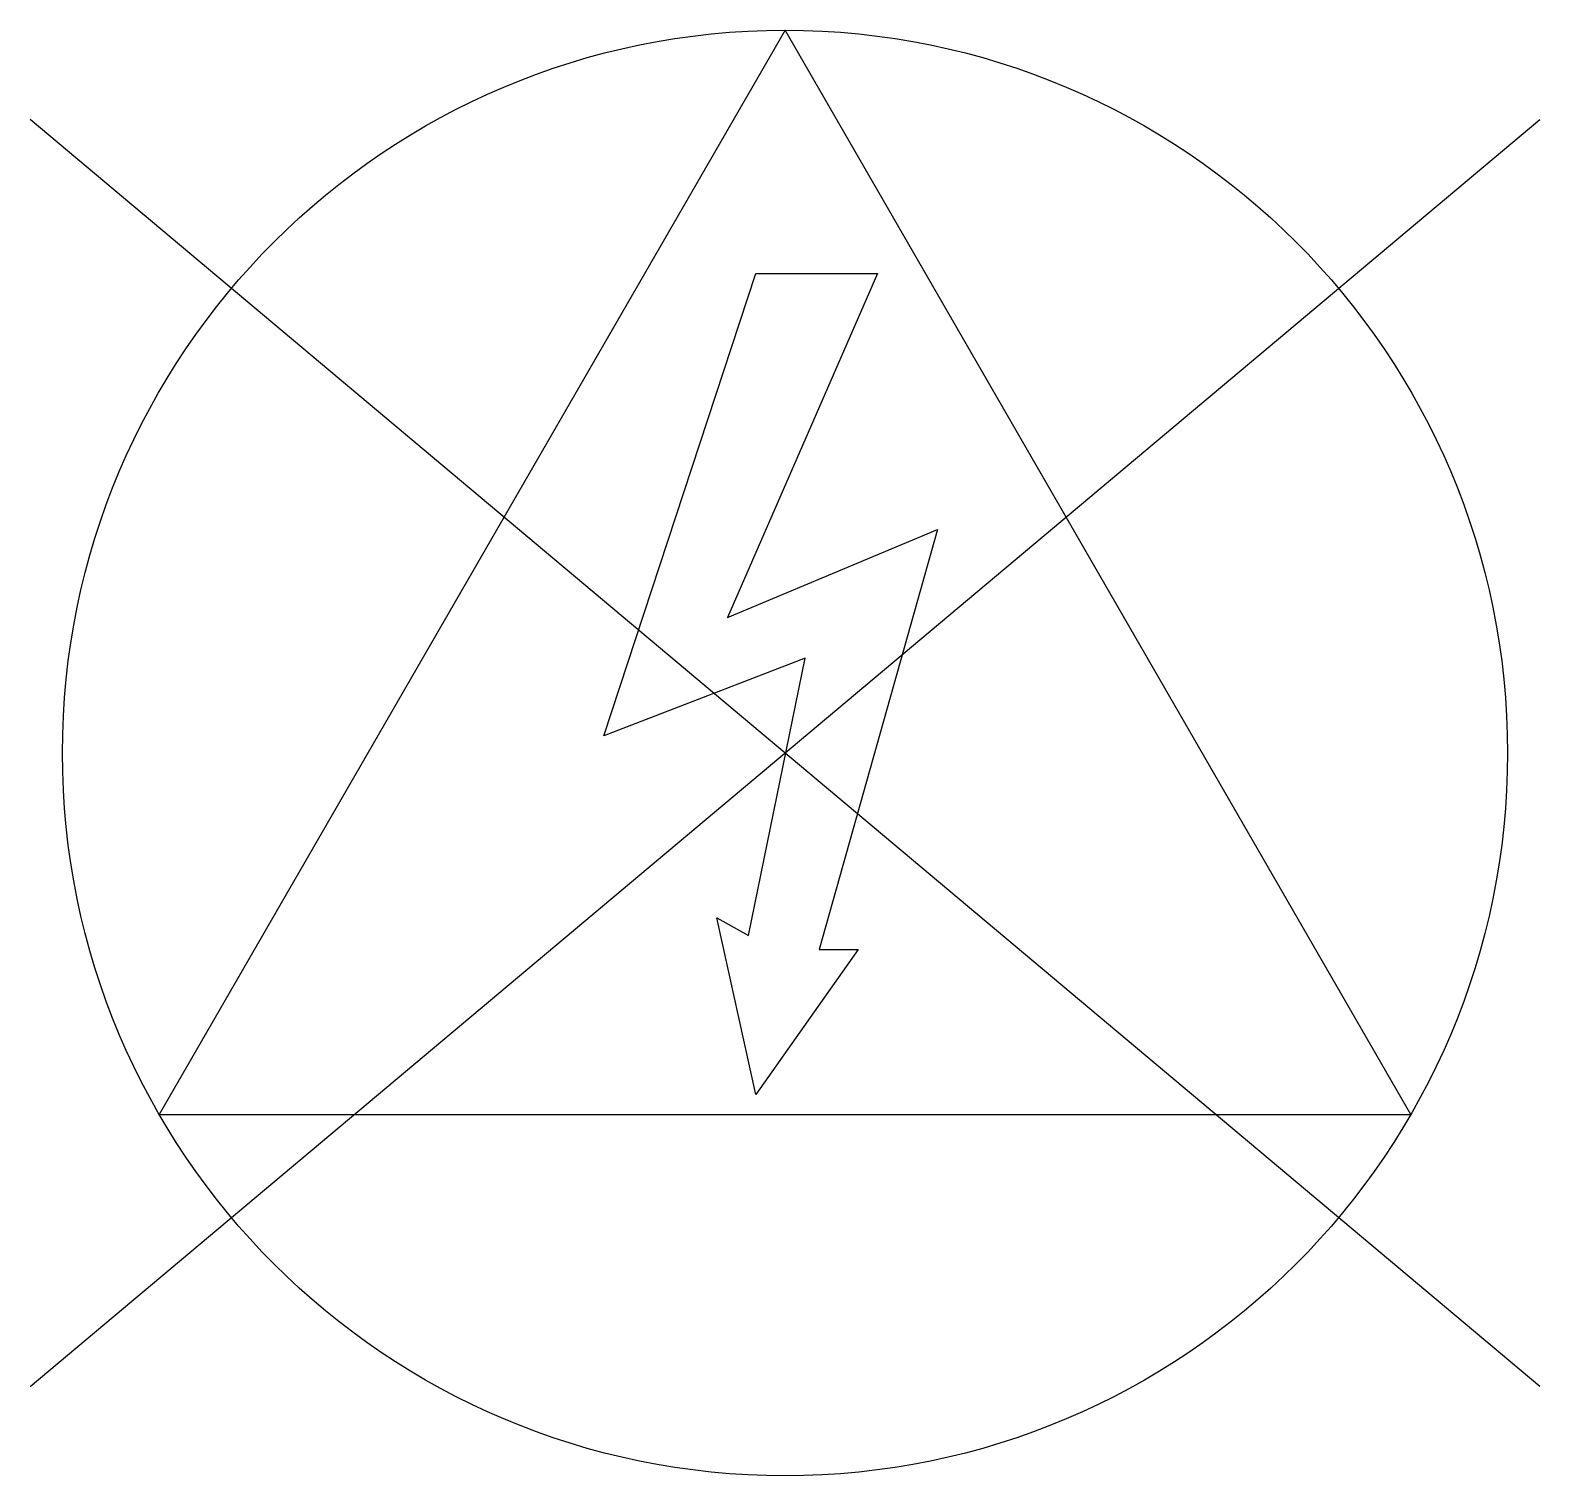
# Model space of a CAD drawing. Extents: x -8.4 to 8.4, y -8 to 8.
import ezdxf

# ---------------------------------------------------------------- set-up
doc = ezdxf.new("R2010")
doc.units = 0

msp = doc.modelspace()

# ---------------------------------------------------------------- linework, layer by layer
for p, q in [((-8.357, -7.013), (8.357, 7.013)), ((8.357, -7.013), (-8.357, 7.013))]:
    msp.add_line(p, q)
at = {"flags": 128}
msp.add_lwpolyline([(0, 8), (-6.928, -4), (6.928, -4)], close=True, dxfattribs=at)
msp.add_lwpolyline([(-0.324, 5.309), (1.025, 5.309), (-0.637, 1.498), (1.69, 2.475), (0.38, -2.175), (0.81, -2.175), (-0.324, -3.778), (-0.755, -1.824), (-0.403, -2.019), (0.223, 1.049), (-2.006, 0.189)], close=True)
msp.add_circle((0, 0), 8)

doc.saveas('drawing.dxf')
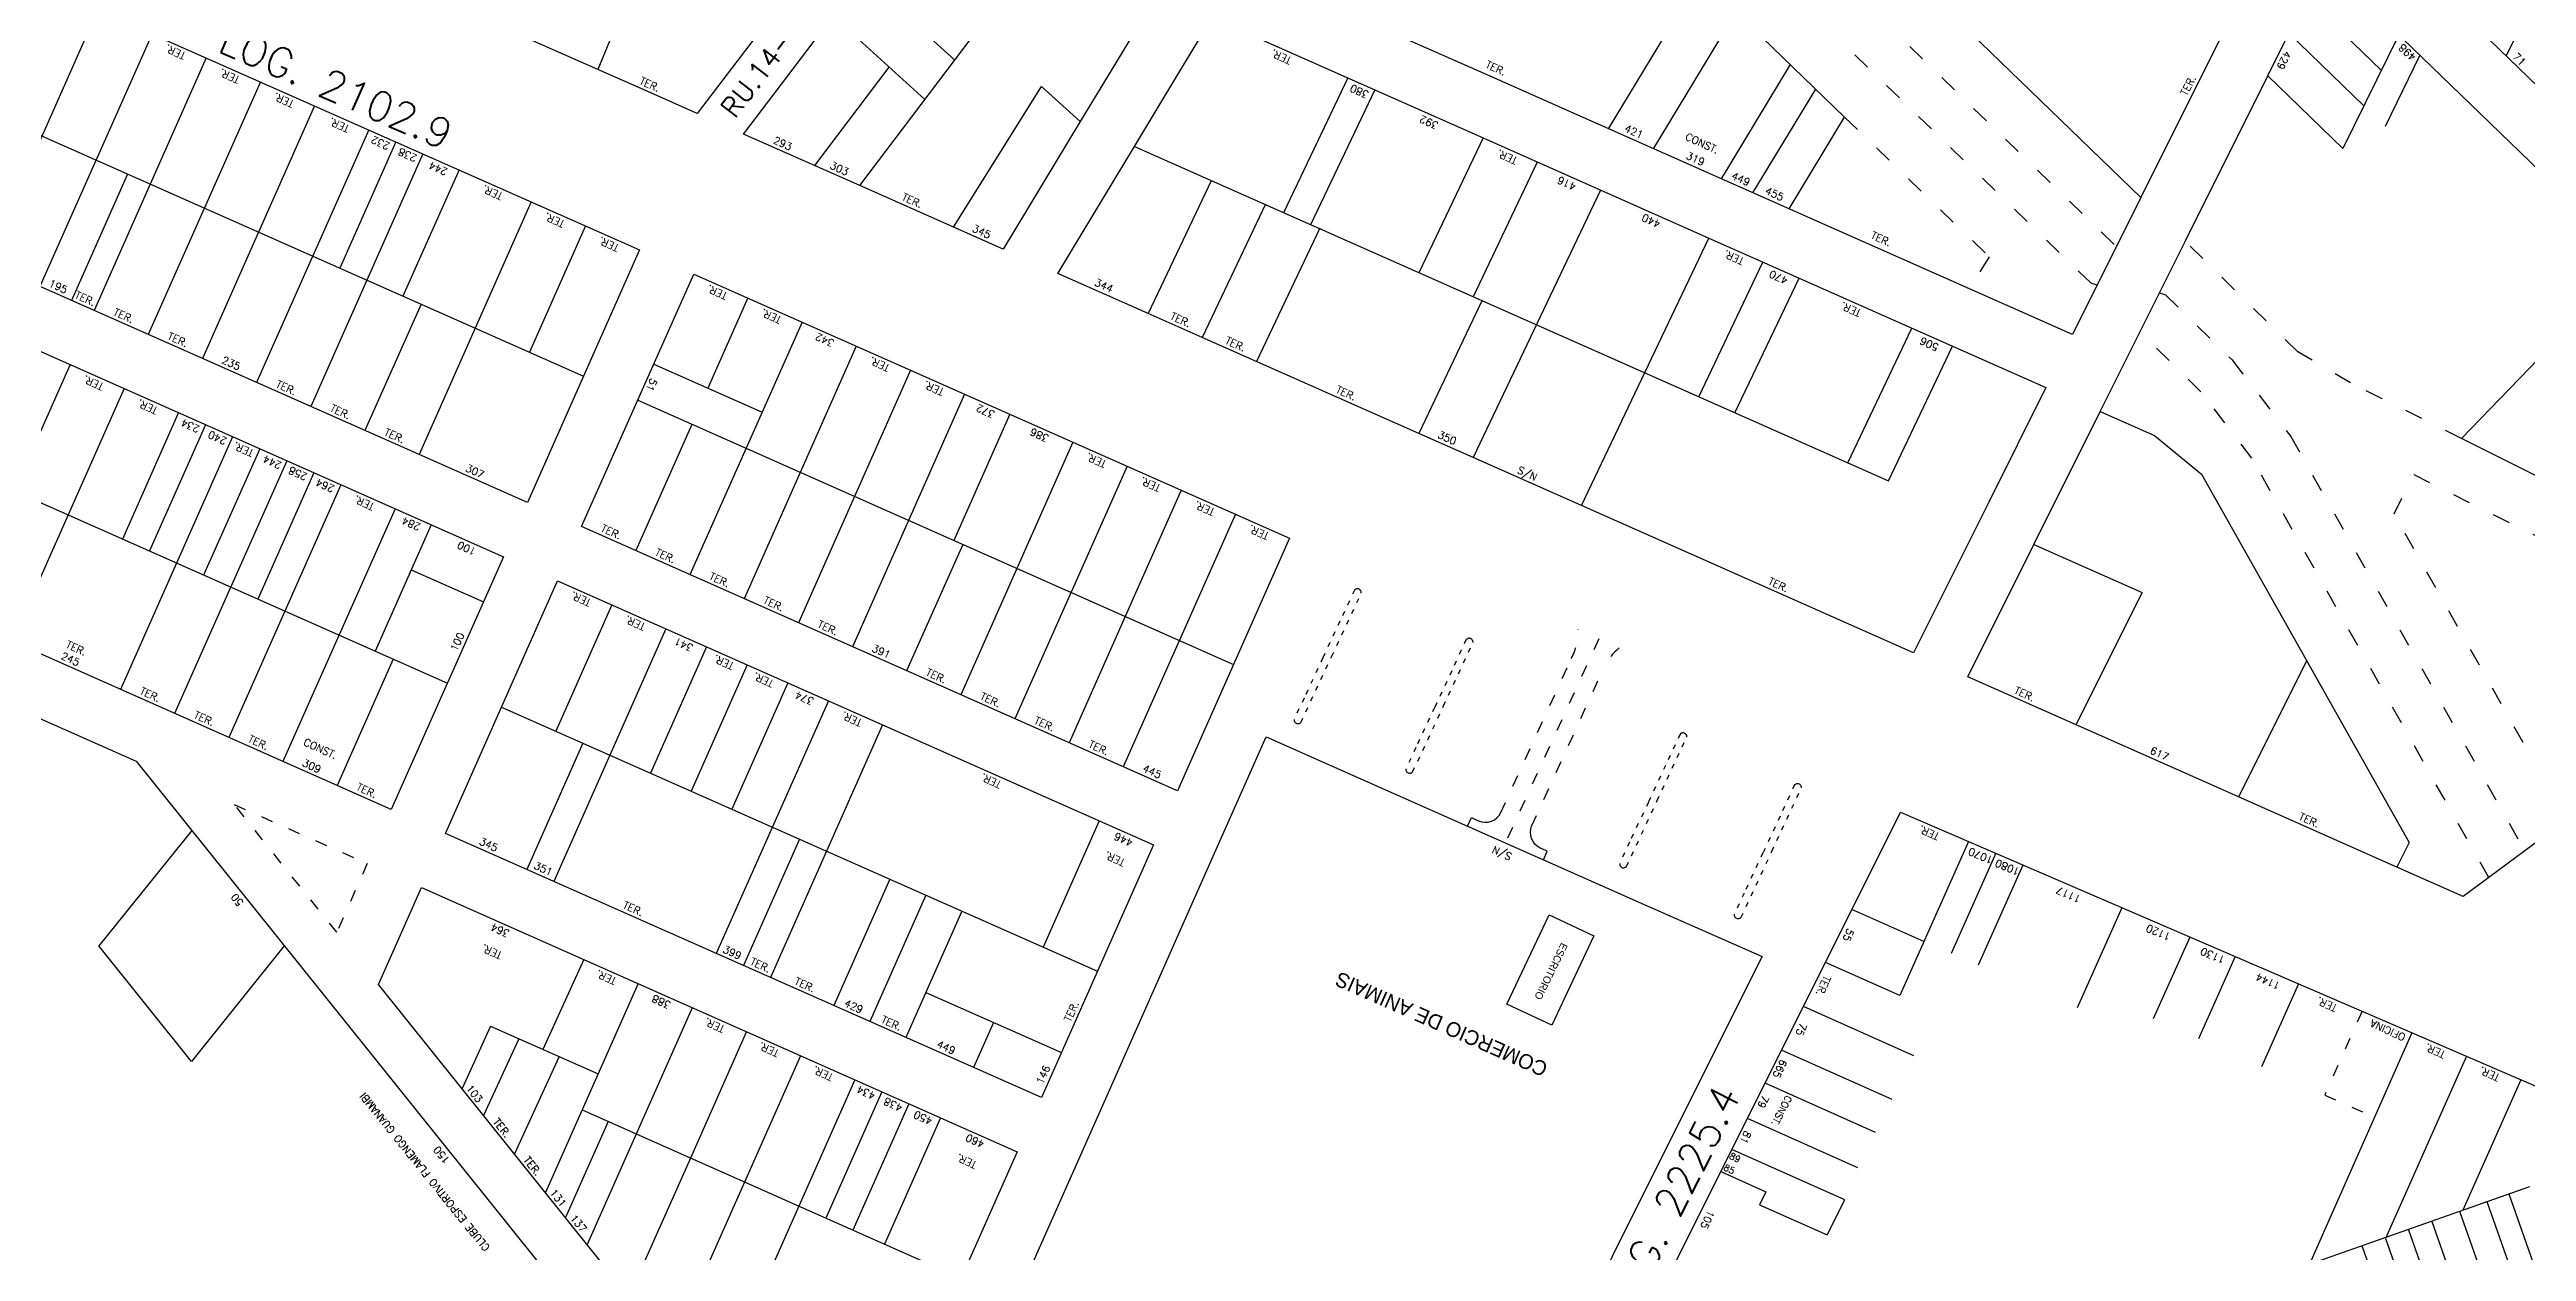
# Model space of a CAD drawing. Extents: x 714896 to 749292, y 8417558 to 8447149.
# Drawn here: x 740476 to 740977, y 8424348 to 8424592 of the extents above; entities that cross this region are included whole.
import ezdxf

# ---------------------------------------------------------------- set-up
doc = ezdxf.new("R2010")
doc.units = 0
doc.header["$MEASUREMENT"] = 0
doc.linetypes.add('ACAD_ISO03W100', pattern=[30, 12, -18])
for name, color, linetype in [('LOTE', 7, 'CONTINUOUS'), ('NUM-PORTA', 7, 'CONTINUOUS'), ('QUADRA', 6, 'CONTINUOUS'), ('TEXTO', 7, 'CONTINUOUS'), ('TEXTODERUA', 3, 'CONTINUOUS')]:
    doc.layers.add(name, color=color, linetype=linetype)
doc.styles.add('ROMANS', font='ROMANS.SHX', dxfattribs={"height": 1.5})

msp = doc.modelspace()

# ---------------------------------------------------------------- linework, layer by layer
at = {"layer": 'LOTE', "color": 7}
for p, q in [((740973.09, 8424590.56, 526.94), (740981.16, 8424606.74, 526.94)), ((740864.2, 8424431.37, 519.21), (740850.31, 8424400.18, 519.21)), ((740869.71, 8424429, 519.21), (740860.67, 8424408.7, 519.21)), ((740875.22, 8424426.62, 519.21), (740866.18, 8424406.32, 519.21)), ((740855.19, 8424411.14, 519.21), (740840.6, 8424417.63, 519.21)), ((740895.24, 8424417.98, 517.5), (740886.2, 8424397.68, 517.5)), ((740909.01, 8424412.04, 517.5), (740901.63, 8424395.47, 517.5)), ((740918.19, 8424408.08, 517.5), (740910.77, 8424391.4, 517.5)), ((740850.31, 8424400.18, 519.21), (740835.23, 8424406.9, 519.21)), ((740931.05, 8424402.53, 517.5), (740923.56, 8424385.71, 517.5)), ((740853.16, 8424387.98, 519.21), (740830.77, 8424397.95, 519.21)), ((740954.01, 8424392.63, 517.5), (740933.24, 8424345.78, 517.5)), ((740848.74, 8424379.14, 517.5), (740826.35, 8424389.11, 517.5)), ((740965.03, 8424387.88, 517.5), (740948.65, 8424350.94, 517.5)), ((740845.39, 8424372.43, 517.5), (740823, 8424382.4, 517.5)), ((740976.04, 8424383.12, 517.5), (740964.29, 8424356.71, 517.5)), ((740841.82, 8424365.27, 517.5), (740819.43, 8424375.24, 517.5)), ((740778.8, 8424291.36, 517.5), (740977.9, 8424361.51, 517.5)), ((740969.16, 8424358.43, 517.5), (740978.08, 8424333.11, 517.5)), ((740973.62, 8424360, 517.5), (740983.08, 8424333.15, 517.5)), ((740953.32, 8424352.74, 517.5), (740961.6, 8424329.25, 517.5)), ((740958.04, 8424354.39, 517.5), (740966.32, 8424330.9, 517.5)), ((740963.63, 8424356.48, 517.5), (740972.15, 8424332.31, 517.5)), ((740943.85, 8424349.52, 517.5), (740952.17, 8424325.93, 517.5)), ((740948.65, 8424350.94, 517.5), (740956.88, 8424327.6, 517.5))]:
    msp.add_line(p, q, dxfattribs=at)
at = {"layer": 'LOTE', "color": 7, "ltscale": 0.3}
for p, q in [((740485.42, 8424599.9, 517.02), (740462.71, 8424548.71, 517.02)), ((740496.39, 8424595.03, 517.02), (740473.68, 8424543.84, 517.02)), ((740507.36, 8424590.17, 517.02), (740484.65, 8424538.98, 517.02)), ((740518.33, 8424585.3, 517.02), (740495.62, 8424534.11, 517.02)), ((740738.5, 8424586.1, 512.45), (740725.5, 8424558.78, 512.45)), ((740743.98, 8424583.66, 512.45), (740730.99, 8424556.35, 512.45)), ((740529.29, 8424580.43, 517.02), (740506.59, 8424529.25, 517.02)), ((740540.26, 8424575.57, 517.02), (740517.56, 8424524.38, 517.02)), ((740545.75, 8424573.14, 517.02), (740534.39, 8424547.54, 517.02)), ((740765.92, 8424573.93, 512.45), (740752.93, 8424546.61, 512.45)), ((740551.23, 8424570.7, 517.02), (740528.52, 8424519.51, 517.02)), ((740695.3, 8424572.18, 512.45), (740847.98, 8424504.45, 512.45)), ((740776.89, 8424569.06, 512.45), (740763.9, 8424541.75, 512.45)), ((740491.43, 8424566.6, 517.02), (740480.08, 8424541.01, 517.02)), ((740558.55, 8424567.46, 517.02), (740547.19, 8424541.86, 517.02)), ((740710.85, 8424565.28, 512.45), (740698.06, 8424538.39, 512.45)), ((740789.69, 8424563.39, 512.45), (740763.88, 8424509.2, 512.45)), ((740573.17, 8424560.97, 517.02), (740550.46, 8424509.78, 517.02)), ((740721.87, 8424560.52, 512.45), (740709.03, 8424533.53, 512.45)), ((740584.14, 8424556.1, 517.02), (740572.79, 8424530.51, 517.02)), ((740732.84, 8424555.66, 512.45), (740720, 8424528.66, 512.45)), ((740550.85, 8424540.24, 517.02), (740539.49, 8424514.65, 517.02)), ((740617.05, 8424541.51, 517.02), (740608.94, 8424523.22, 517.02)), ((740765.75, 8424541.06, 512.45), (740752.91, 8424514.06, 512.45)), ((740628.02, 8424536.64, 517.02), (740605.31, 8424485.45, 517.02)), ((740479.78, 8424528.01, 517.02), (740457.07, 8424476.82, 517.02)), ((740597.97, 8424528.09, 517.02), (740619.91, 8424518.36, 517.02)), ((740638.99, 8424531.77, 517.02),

******************************

*PROBLEM TO WORK ON*
Once the pictures are set aside, restate the remaining data above exactly.

*WRITTEN ANSWER*
# Model space of a CAD drawing. Extents: x -8.4 to 8.4, y -8 to 8.
import ezdxf

# ---------------------------------------------------------------- set-up
doc = ezdxf.new("R2010")
doc.units = 0

msp = doc.modelspace()

# ---------------------------------------------------------------- linework, layer by layer
for p, q in [((-8.357, -7.013), (8.357, 7.013)), ((8.357, -7.013), (-8.357, 7.013))]:
    msp.add_line(p, q)
at = {"flags": 128}
msp.add_lwpolyline([(0, 8), (-6.928, -4), (6.928, -4)], close=True, dxfattribs=at)
msp.add_lwpolyline([(-0.324, 5.309), (1.025, 5.309), (-0.637, 1.498), (1.69, 2.475), (0.38, -2.175), (0.81, -2.175), (-0.324, -3.778), (-0.755, -1.824), (-0.403, -2.019), (0.223, 1.049), (-2.006, 0.189)], close=True)
msp.add_circle((0, 0), 8)

doc.saveas('drawing.dxf')
# Model space of a CAD drawing. Extents: x 714896 to 749292, y 8417558 to 8447149.
# Drawn here: x 740476 to 740977, y 8424348 to 8424592 of the extents above; entities that cross this region are included whole.
import ezdxf

# ---------------------------------------------------------------- set-up
doc = ezdxf.new("R2010")
doc.units = 0
doc.header["$MEASUREMENT"] = 0
doc.linetypes.add('ACAD_ISO03W100', pattern=[30, 12, -18])
for name, color, linetype in [('LOTE', 7, 'CONTINUOUS'), ('NUM-PORTA', 7, 'CONTINUOUS'), ('QUADRA', 6, 'CONTINUOUS'), ('TEXTO', 7, 'CONTINUOUS'), ('TEXTODERUA', 3, 'CONTINUOUS')]:
    doc.layers.add(name, color=color, linetype=linetype)
doc.styles.add('ROMANS', font='ROMANS.SHX', dxfattribs={"height": 1.5})

msp = doc.modelspace()

# ---------------------------------------------------------------- linework, layer by layer
at = {"layer": 'LOTE', "color": 7}
for p, q in [((740973.09, 8424590.56, 526.94), (740981.16, 8424606.74, 526.94)), ((740864.2, 8424431.37, 519.21), (740850.31, 8424400.18, 519.21)), ((740869.71, 8424429, 519.21), (740860.67, 8424408.7, 519.21)), ((740875.22, 8424426.62, 519.21), (740866.18, 8424406.32, 519.21)), ((740855.19, 8424411.14, 519.21), (740840.6, 8424417.63, 519.21)), ((740895.24, 8424417.98, 517.5), (740886.2, 8424397.68, 517.5)), ((740909.01, 8424412.04, 517.5), (740901.63, 8424395.47, 517.5)), ((740918.19, 8424408.08, 517.5), (740910.77, 8424391.4, 517.5)), ((740850.31, 8424400.18, 519.21), (740835.23, 8424406.9, 519.21)), ((740931.05, 8424402.53, 517.5), (740923.56, 8424385.71, 517.5)), ((740853.16, 8424387.98, 519.21), (740830.77, 8424397.95, 519.21)), ((740954.01, 8424392.63, 517.5), (740933.24, 8424345.78, 517.5)), ((740848.74, 8424379.14, 517.5), (740826.35, 8424389.11, 517.5)), ((740965.03, 8424387.88, 517.5), (740948.65, 8424350.94, 517.5)), ((740845.39, 8424372.43, 517.5), (740823, 8424382.4, 517.5)), ((740976.04, 8424383.12, 517.5), (740964.29, 8424356.71, 517.5)), ((740841.82, 8424365.27, 517.5), (740819.43, 8424375.24, 517.5)), ((740778.8, 8424291.36, 517.5), (740977.9, 8424361.51, 517.5)), ((740969.16, 8424358.43, 517.5), (740978.08, 8424333.11, 517.5)), ((740973.62, 8424360, 517.5), (740983.08, 8424333.15, 517.5)), ((740953.32, 8424352.74, 517.5), (740961.6, 8424329.25, 517.5)), ((740958.04, 8424354.39, 517.5), (740966.32, 8424330.9, 517.5)), ((740963.63, 8424356.48, 517.5), (740972.15, 8424332.31, 517.5)), ((740943.85, 8424349.52, 517.5), (740952.17, 8424325.93, 517.5)), ((740948.65, 8424350.94, 517.5), (740956.88, 8424327.6, 517.5))]:
    msp.add_line(p, q, dxfattribs=at)
at = {"layer": 'LOTE', "color": 7, "ltscale": 0.3}
for p, q in [((740485.42, 8424599.9, 517.02), (740462.71, 8424548.71, 517.02)), ((740496.39, 8424595.03, 517.02), (740473.68, 8424543.84, 517.02)), ((740507.36, 8424590.17, 517.02), (740484.65, 8424538.98, 517.02)), ((740518.33, 8424585.3, 517.02), (740495.62, 8424534.11, 517.02)), ((740738.5, 8424586.1, 512.45), (740725.5, 8424558.78, 512.45)), ((740743.98, 8424583.66, 512.45), (740730.99, 8424556.35, 512.45)), ((740529.29, 8424580.43, 517.02), (740506.59, 8424529.25, 517.02)), ((740540.26, 8424575.57, 517.02), (740517.56, 8424524.38, 517.02)), ((740545.75, 8424573.14, 517.02), (740534.39, 8424547.54, 517.02)), ((740765.92, 8424573.93, 512.45), (740752.93, 8424546.61, 512.45)), ((740551.23, 8424570.7, 517.02), (740528.52, 8424519.51, 517.02)), ((740695.3, 8424572.18, 512.45), (740847.98, 8424504.45, 512.45)), ((740776.89, 8424569.06, 512.45), (740763.9, 8424541.75, 512.45)), ((740491.43, 8424566.6, 517.02), (740480.08, 8424541.01, 517.02)), ((740558.55, 8424567.46, 517.02), (740547.19, 8424541.86, 517.02)), ((740710.85, 8424565.28, 512.45), (740698.06, 8424538.39, 512.45)), ((740789.69, 8424563.39, 512.45), (740763.88, 8424509.2, 512.45)), ((740573.17, 8424560.97, 517.02), (740550.46, 8424509.78, 517.02)), ((740721.87, 8424560.52, 512.45), (740709.03, 8424533.53, 512.45)), ((740584.14, 8424556.1, 517.02), (740572.79, 8424530.51, 517.02)), ((740732.84, 8424555.66, 512.45), (740720, 8424528.66, 512.45)), ((740550.85, 8424540.24, 517.02), (740539.49, 8424514.65, 517.02)), ((740617.05, 8424541.51, 517.02), (740608.94, 8424523.22, 517.02)), ((740765.75, 8424541.06, 512.45), (740752.91, 8424514.06, 512.45)), ((740628.02, 8424536.64, 517.02), (740605.31, 8424485.45, 517.02)), ((740479.78, 8424528.01, 517.02), (740457.07, 8424476.82, 517.02)), ((740597.97, 8424528.09, 517.02), (740619.91, 8424518.36, 517.02)), ((740638.99, 8424531.77, 517.02),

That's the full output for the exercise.